+++ Data listing

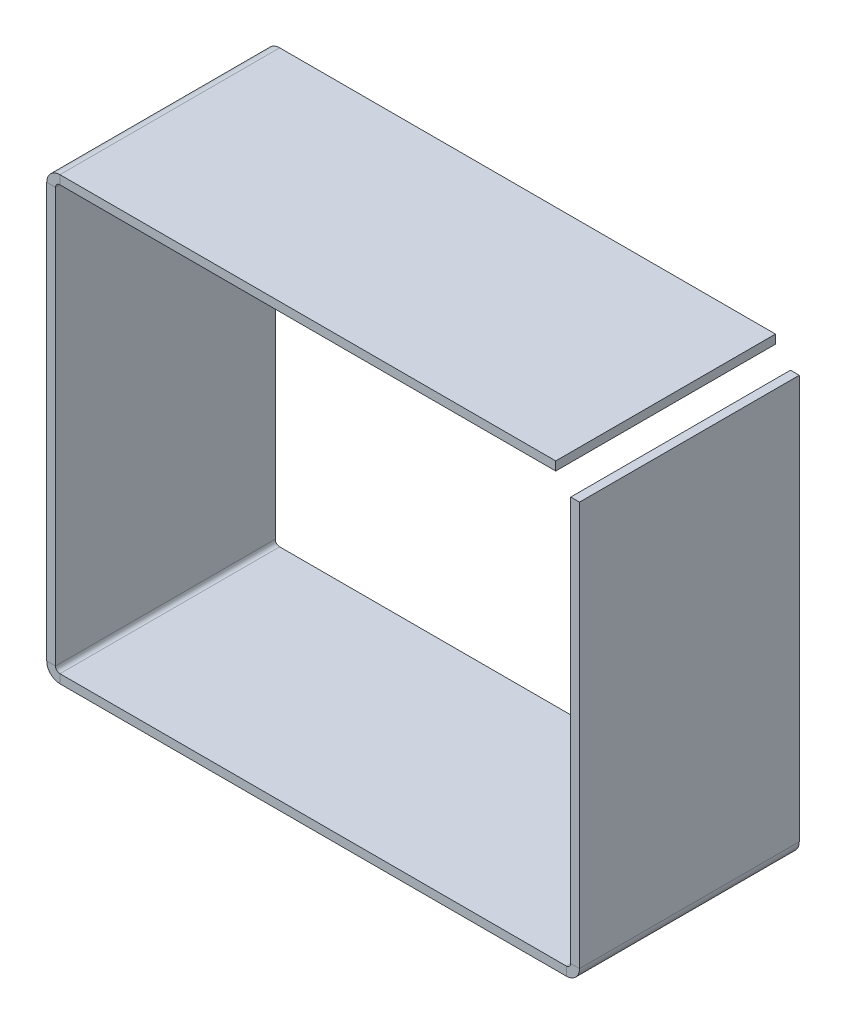
ISO-10303-21;
HEADER;
FILE_DESCRIPTION(('STEP AP214'),'2;1');
FILE_NAME('part.step','',(''),(''),'','','');
FILE_SCHEMA(('AUTOMOTIVE_DESIGN { 1 0 10303 214 1 1 1 1 }'));
ENDSEC;
DATA;
#1=APPLICATION_CONTEXT('core data for automotive mechanical design processes');
#2=APPLICATION_PROTOCOL_DEFINITION('international standard','automotive_design',2000,#1);
#3=PRODUCT_CONTEXT('',#1,'mechanical');
#4=PRODUCT('Part','Part','',(#3));
#5=PRODUCT_RELATED_PRODUCT_CATEGORY('part','',(#4));
#6=PRODUCT_DEFINITION_FORMATION('','',#4);
#7=PRODUCT_DEFINITION_CONTEXT('part definition',#1,'design');
#8=PRODUCT_DEFINITION('design','',#6,#7);
#9=PRODUCT_DEFINITION_SHAPE('','',#8);
#10=(LENGTH_UNIT() NAMED_UNIT(*) SI_UNIT(.MILLI.,.METRE.));
#11=(NAMED_UNIT(*) PLANE_ANGLE_UNIT() SI_UNIT($,.RADIAN.));
#12=(NAMED_UNIT(*) SI_UNIT($,.STERADIAN.) SOLID_ANGLE_UNIT());
#13=UNCERTAINTY_MEASURE_WITH_UNIT(LENGTH_MEASURE(1.E-05),#10,'distance_accuracy_value','');
#14=(GEOMETRIC_REPRESENTATION_CONTEXT(3) GLOBAL_UNCERTAINTY_ASSIGNED_CONTEXT((#13)) GLOBAL_UNIT_ASSIGNED_CONTEXT((#10,
#11,#12)) REPRESENTATION_CONTEXT('',''));
#15=CARTESIAN_POINT('',(0.,0.,0.));
#16=DIRECTION('',(0.,0.,1.));
#17=DIRECTION('',(1.,0.,0.));
#18=AXIS2_PLACEMENT_3D('',#15,#16,#17);
#19=CARTESIAN_POINT('',(-55.4289083851151,46.0431826841211,50.));
#20=DIRECTION('',(0.,0.,-1.));
#21=DIRECTION('',(0.,-1.,0.));
#22=AXIS2_PLACEMENT_3D('',#19,#20,#21);
#23=PLANE('',#22);
#24=DIRECTION('',(1.,0.,0.));
#25=VECTOR('',#24,1.);
#26=CARTESIAN_POINT('',(-55.4289083851151,45.0431826841211,50.));
#27=LINE('',#26,#25);
#28=CARTESIAN_POINT('',(-57.4289083851151,45.0431826841211,50.));
#29=VERTEX_POINT('',#28);
#30=CARTESIAN_POINT('',(-55.4289083851151,45.0431826841211,50.));
#31=VERTEX_POINT('',#30);
#32=EDGE_CURVE('E11',#29,#31,#27,.T.);
#33=ORIENTED_EDGE('',*,*,#32,.F.);
#34=DIRECTION('',(0.,1.,0.));
#35=VECTOR('',#34,1.);
#36=CARTESIAN_POINT('',(-57.4289083851151,46.0431826841211,50.));
#37=LINE('',#36,#35);
#38=CARTESIAN_POINT('',(-57.4289083851151,-49.2933226241939,50.));
#39=VERTEX_POINT('',#38);
#40=EDGE_CURVE('E114',#29,#39,#37,.F.);
#41=ORIENTED_EDGE('',*,*,#40,.T.);
#42=DIRECTION('',(1.,0.,0.));
#43=VECTOR('',#42,1.);
#44=CARTESIAN_POINT('',(-55.4289083851151,-49.2933226241939,50.));
#45=LINE('',#44,#43);
#46=CARTESIAN_POINT('',(-55.4289083851151,-49.2933226241939,50.));
#47=VERTEX_POINT('',#46);
#48=EDGE_CURVE('E50',#39,#47,#45,.T.);
#49=ORIENTED_EDGE('',*,*,#48,.T.);
#50=DIRECTION('',(0.,-1.,0.));
#51=VECTOR('',#50,1.);
#52=CARTESIAN_POINT('',(-55.4289083851151,46.0431826841211,50.));
#53=LINE('',#52,#51);
#54=EDGE_CURVE('E117',#31,#47,#53,.T.);
#55=ORIENTED_EDGE('',*,*,#54,.F.);
#56=EDGE_LOOP('',(#33,#41,#49,#55));
#57=FACE_BOUND('',#56,.T.);
#58=ADVANCED_FACE('F40',(#57),#23,.F.);
#59=CARTESIAN_POINT('',(-54.4289083851151,-49.2933226241939,50.));
#60=DIRECTION('',(0.,0.,1.));
#61=DIRECTION('',(1.,0.,0.));
#62=AXIS2_PLACEMENT_3D('',#59,#60,#61);
#63=PLANE('',#62);
#64=ORIENTED_EDGE('',*,*,#48,.F.);
#65=CARTESIAN_POINT('',(-54.4289083851151,-49.2933226241939,50.));
#66=DIRECTION('',(0.,0.,-1.));
#67=DIRECTION('',(-1.,0.,0.));
#68=AXIS2_PLACEMENT_3D('',#65,#66,#67);
#69=CIRCLE('',#68,3.);
#70=CARTESIAN_POINT('',(-54.4289083851151,-52.2933226241939,50.));
#71=VERTEX_POINT('',#70);
#72=EDGE_CURVE('E156',#39,#71,#69,.F.);
#73=ORIENTED_EDGE('',*,*,#72,.T.);
#74=DIRECTION('',(0.,1.,0.));
#75=VECTOR('',#74,1.);
#76=CARTESIAN_POINT('',(-54.4289083851151,-50.2933226241939,50.));
#77=LINE('',#76,#75);
#78=CARTESIAN_POINT('',(-54.4289083851151,-50.2933226241939,50.));
#79=VERTEX_POINT('',#78);
#80=EDGE_CURVE('E193',#71,#79,#77,.T.);
#81=ORIENTED_EDGE('',*,*,#80,.T.);
#82=CARTESIAN_POINT('',(-54.4289083851151,-49.2933226241939,50.));
#83=DIRECTION('',(0.,0.,-1.));
#84=DIRECTION('',(-1.,0.,0.));
#85=AXIS2_PLACEMENT_3D('',#82,#83,#84);
#86=CIRCLE('',#85,1.);
#87=EDGE_CURVE('E215',#47,#79,#86,.F.);
#88=ORIENTED_EDGE('',*,*,#87,.F.);
#89=EDGE_LOOP('',(#64,#73,#81,#88));
#90=FACE_BOUND('',#89,.T.);
#91=ADVANCED_FACE('F216',(#90),#63,.T.);
#92=CARTESIAN_POINT('',(-55.4289083851151,-50.2933226241939,50.));
#93=DIRECTION('',(0.,0.,-1.));
#94=DIRECTION('',(1.,0.,0.));
#95=AXIS2_PLACEMENT_3D('',#92,#93,#94);
#96=PLANE('',#95);
#97=ORIENTED_EDGE('',*,*,#80,.F.);
#98=DIRECTION('',(1.,0.,0.));
#99=VECTOR('',#98,1.);
#100=CARTESIAN_POINT('',(-55.4289083851151,-52.2933226241939,50.));
#101=LINE('',#100,#99);
#102=CARTESIAN_POINT('',(60.8041182952241,-52.2933226241939,50.));
#103=VERTEX_POINT('',#102);
#104=EDGE_CURVE('E153',#71,#103,#101,.T.);
#105=ORIENTED_EDGE('',*,*,#104,.T.);
#106=DIRECTION('',(0.,1.,0.));
#107=VECTOR('',#106,1.);
#108=CARTESIAN_POINT('',(60.8041182952241,-50.2933226241939,50.));
#109=LINE('',#108,#107);
#110=CARTESIAN_POINT('',(60.8041182952241,-50.2933226241939,50.));
#111=VERTEX_POINT('',#110);
#112=EDGE_CURVE('E58',#103,#111,#109,.T.);
#113=ORIENTED_EDGE('',*,*,#112,.T.);
#114=DIRECTION('',(1.,0.,0.));
#115=VECTOR('',#114,1.);
#116=CARTESIAN_POINT('',(-55.4289083851151,-50.2933226241939,50.));
#117=LINE('',#116,#115);
#118=EDGE_CURVE('E294',#79,#111,#117,.T.);
#119=ORIENTED_EDGE('',*,*,#118,.F.);
#120=EDGE_LOOP('',(#97,#105,#113,#119));
#121=FACE_BOUND('',#120,.T.);
#122=ADVANCED_FACE('F293',(#121),#96,.F.);
#123=CARTESIAN_POINT('',(60.8041182952241,-49.2933226241939,50.));
#124=DIRECTION('',(0.,0.,1.));
#125=DIRECTION('',(1.,0.,0.));
#126=AXIS2_PLACEMENT_3D('',#123,#124,#125);
#127=PLANE('',#126);
#128=ORIENTED_EDGE('',*,*,#112,.F.);
#129=CARTESIAN_POINT('',(60.8041182952241,-49.2933226241939,50.));
#130=DIRECTION('',(0.,0.,-1.));
#131=DIRECTION('',(-1.,0.,0.));
#132=AXIS2_PLACEMENT_3D('',#129,#130,#131);
#133=CIRCLE('',#132,3.);
#134=CARTESIAN_POINT('',(63.8041182952241,-49.2933226241939,50.));
#135=VERTEX_POINT('',#134);
#136=EDGE_CURVE('E274',#103,#135,#133,.F.);
#137=ORIENTED_EDGE('',*,*,#136,.T.);
#138=DIRECTION('',(-1.,0.,0.));
#139=VECTOR('',#138,1.);
#140=CARTESIAN_POINT('',(61.8041182952241,-49.2933226241939,50.));
#141=LINE('',#140,#139);
#142=CARTESIAN_POINT('',(61.8041182952241,-49.2933226241939,50.));
#143=VERTEX_POINT('',#142);
#144=EDGE_CURVE('E189',#135,#143,#141,.T.);
#145=ORIENTED_EDGE('',*,*,#144,.T.);
#146=CARTESIAN_POINT('',(60.8041182952241,-49.2933226241939,50.));
#147=DIRECTION('',(0.,0.,-1.));
#148=DIRECTION('',(-1.,0.,0.));
#149=AXIS2_PLACEMENT_3D('',#146,#147,#148);
#150=CIRCLE('',#149,1.);
#151=EDGE_CURVE('E242',#111,#143,#150,.F.);
#152=ORIENTED_EDGE('',*,*,#151,.F.);
#153=EDGE_LOOP('',(#128,#137,#145,#152));
#154=FACE_BOUND('',#153,.T.);
#155=ADVANCED_FACE('F408',(#154),#127,.T.);
#156=CARTESIAN_POINT('',(61.8041182952241,46.0431826841211,50.));
#157=DIRECTION('',(0.,0.,-1.));
#158=DIRECTION('',(0.,1.,0.));
#159=AXIS2_PLACEMENT_3D('',#156,#157,#158);
#160=PLANE('',#159);
#161=ORIENTED_EDGE('',*,*,#144,.F.);
#162=DIRECTION('',(0.,1.,0.));
#163=VECTOR('',#162,1.);
#164=CARTESIAN_POINT('',(63.8041182952241,46.0431826841211,50.));
#165=LINE('',#164,#163);
#166=CARTESIAN_POINT('',(63.8041182952241,42.628969121748,50.));
#167=VERTEX_POINT('',#166);
#168=EDGE_CURVE('E267',#135,#167,#165,.T.);
#169=ORIENTED_EDGE('',*,*,#168,.T.);
#170=DIRECTION('',(-1.,0.,0.));
#171=VECTOR('',#170,1.);
#172=CARTESIAN_POINT('',(61.8041182952241,42.628969121748,50.));
#173=LINE('',#172,#171);
#174=CARTESIAN_POINT('',(61.8041182952241,42.628969121748,50.));
#175=VERTEX_POINT('',#174);
#176=EDGE_CURVE('E186',#167,#175,#173,.T.);
#177=ORIENTED_EDGE('',*,*,#176,.T.);
#178=DIRECTION('',(0.,1.,0.));
#179=VECTOR('',#178,1.);
#180=CARTESIAN_POINT('',(61.8041182952241,46.0431826841211,50.));
#181=LINE('',#180,#179);
#182=EDGE_CURVE('E328',#143,#175,#181,.T.);
#183=ORIENTED_EDGE('',*,*,#182,.F.);
#184=EDGE_LOOP('',(#161,#169,#177,#183));
#185=FACE_BOUND('',#184,.T.);
#186=ADVANCED_FACE('F337',(#185),#160,.F.);
#187=CARTESIAN_POINT('',(61.8041182952241,42.628969121748,0.));
#188=DIRECTION('',(0.,-1.,0.));
#189=DIRECTION('',(0.,0.,-1.));
#190=AXIS2_PLACEMENT_3D('',#187,#188,#189);
#191=PLANE('',#190);
#192=ORIENTED_EDGE('',*,*,#176,.F.);
#193=DIRECTION('',(0.,0.,-1.));
#194=VECTOR('',#193,1.);
#195=CARTESIAN_POINT('',(63.8041182952241,42.628969121748,0.));
#196=LINE('',#195,#194);
#197=CARTESIAN_POINT('',(63.8041182952241,42.628969121748,0.));
#198=VERTEX_POINT('',#197);
#199=EDGE_CURVE('E138',#167,#198,#196,.T.);
#200=ORIENTED_EDGE('',*,*,#199,.T.);
#201=DIRECTION('',(-1.,0.,0.));
#202=VECTOR('',#201,1.);
#203=CARTESIAN_POINT('',(61.8041182952241,42.628969121748,0.));
#204=LINE('',#203,#202);
#205=CARTESIAN_POINT('',(61.8041182952241,42.628969121748,0.));
#206=VERTEX_POINT('',#205);
#207=EDGE_CURVE('E183',#198,#206,#204,.T.);
#208=ORIENTED_EDGE('',*,*,#207,.T.);
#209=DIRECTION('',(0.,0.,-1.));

++++++

What the task asks →
Taking the entries above, restate exactly those lines that fall between the line with "#32=EDGE_CURVE('E11',#29,#31,#27,.T.);" and the line with "#54=EDGE_CURVE('E117',#31,#47,#53,.T.);", keeping both of those lines too.

Exercise output →
#32=EDGE_CURVE('E11',#29,#31,#27,.T.);
#33=ORIENTED_EDGE('',*,*,#32,.F.);
#34=DIRECTION('',(0.,1.,0.));
#35=VECTOR('',#34,1.);
#36=CARTESIAN_POINT('',(-57.4289083851151,46.0431826841211,50.));
#37=LINE('',#36,#35);
#38=CARTESIAN_POINT('',(-57.4289083851151,-49.2933226241939,50.));
#39=VERTEX_POINT('',#38);
#40=EDGE_CURVE('E114',#29,#39,#37,.F.);
#41=ORIENTED_EDGE('',*,*,#40,.T.);
#42=DIRECTION('',(1.,0.,0.));
#43=VECTOR('',#42,1.);
#44=CARTESIAN_POINT('',(-55.4289083851151,-49.2933226241939,50.));
#45=LINE('',#44,#43);
#46=CARTESIAN_POINT('',(-55.4289083851151,-49.2933226241939,50.));
#47=VERTEX_POINT('',#46);
#48=EDGE_CURVE('E50',#39,#47,#45,.T.);
#49=ORIENTED_EDGE('',*,*,#48,.T.);
#50=DIRECTION('',(0.,-1.,0.));
#51=VECTOR('',#50,1.);
#52=CARTESIAN_POINT('',(-55.4289083851151,46.0431826841211,50.));
#53=LINE('',#52,#51);
#54=EDGE_CURVE('E117',#31,#47,#53,.T.);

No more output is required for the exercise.